Another idea would be, to have a server process, storing the whole graph (500MB to 1GB) in memory. The clients could then query the server process and could transverse the graph very quickly, since the graph is stored in memory. Is there an easy possibility to write such a server (preferably in Python) using some existing framework?
Which technology would you use to store and query such a huge readonly graph?
LinkedIn have to manage a sizeable graph. It may be instructive to check out this info on their architecture. Note particularly how they cache their entire graph in memory.
There is also OrientDB a open source document-graph dbms with commercial friendly license (Apache 2). Simple API, SQL like language, ACID Transactions and the support for Gremlin graph language.
The SQL has extensions for trees and graphs. Example:
select from Account where friends traverse (1,7) (address.city.country.name = 'New Zealand')
To return all the Accounts with at least one friend that live in New Zealand. And for friend means recursively up to the 7th level of deep.
I have a directed graph for which I (mis)used Lucene.
Each edge was stored as a Document, with the nodes as Fields of the document that I could then search for.

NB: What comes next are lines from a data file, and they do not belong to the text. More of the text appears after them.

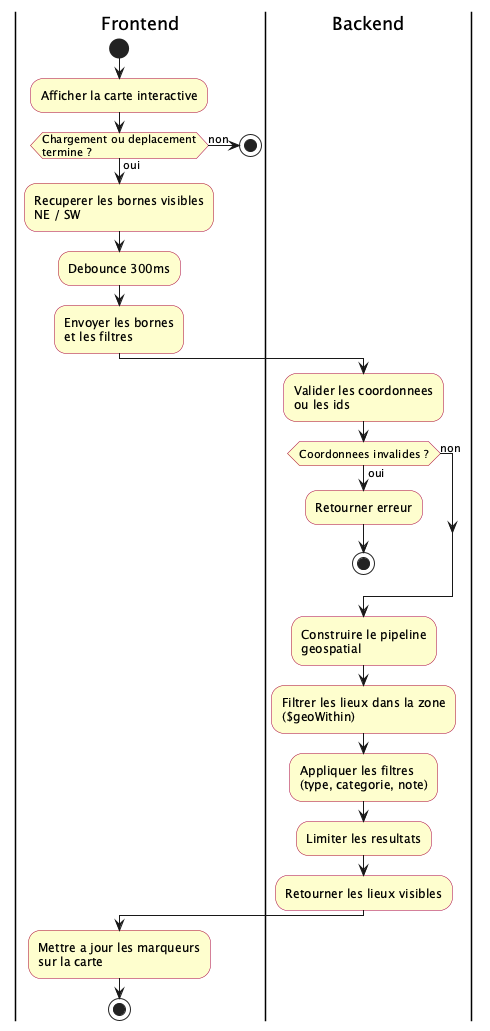

The diagram above was rendered by PlantUML. Its source (embedded in the PNG):
@startuml
!pragma layout smetana

skinparam shadowing false
skinparam activityBackgroundColor #FEFECE
skinparam activityBorderColor #A80036

|Frontend|
start
:Afficher la carte interactive;

if (Chargement ou deplacement\ntermine ?) then (oui)
  :Recuperer les bornes visibles\nNE / SW;
else (non)
  stop
endif

:Debounce 300ms;
:Envoyer les bornes\net les filtres;

|Backend|
:Valider les coordonnees\nou les ids;

if (Coordonnees invalides ?) then (oui)
  :Retourner erreur;
  stop
else (non)
endif

:Construire le pipeline\ngeospatial;
:Filtrer les lieux dans la zone\n($geoWithin);
:Appliquer les filtres\n(type, categorie, note);
:Limiter les resultats;
:Retourner les lieux visibles;

|Frontend|
:Mettre a jour les marqueurs\nsur la carte;
stop

@enduml

It performs well enough, and query times for fetching in and outbound links from a node would be acceptable to a user using it as a web based tool. But for computationally intensive, batch calculations where I am doing many 100000s queries I am not satisfied with the query times I'm getting. I get the sense that I am definitely misusing Lucene so I'm working on a second Berkeley DB based implementation so that I can do a side by side comparison of the two. If I get a chance to post the results here I will do.
However, my data requirements are much larger than yours at > 3GB, more than could fit in my available memory. As a result the Lucene index I used was on disk, but with Lucene you can use a "RAMDirectory" index in which case the whole thing will be stored in memory, which may well suit your needs.
Correct me if I'm wrong, but since each node is list of the linked nodes, seems to me a DB with a schema is more of a burden than an advantage.
It also sound like Google App Engine would be right up your alley:
It's optimized for reading - and there's memcached if you want it even faster
it's distributed - so the size doesn't affect efficiency
Of course if you somehow rely on Relational DB to find the path, it won't work for you...
And I just noticed that the q is 4 months old
So you have a graph as your data and want to perform a classic graph operation. I can't see what other technology could fit better than a graph database.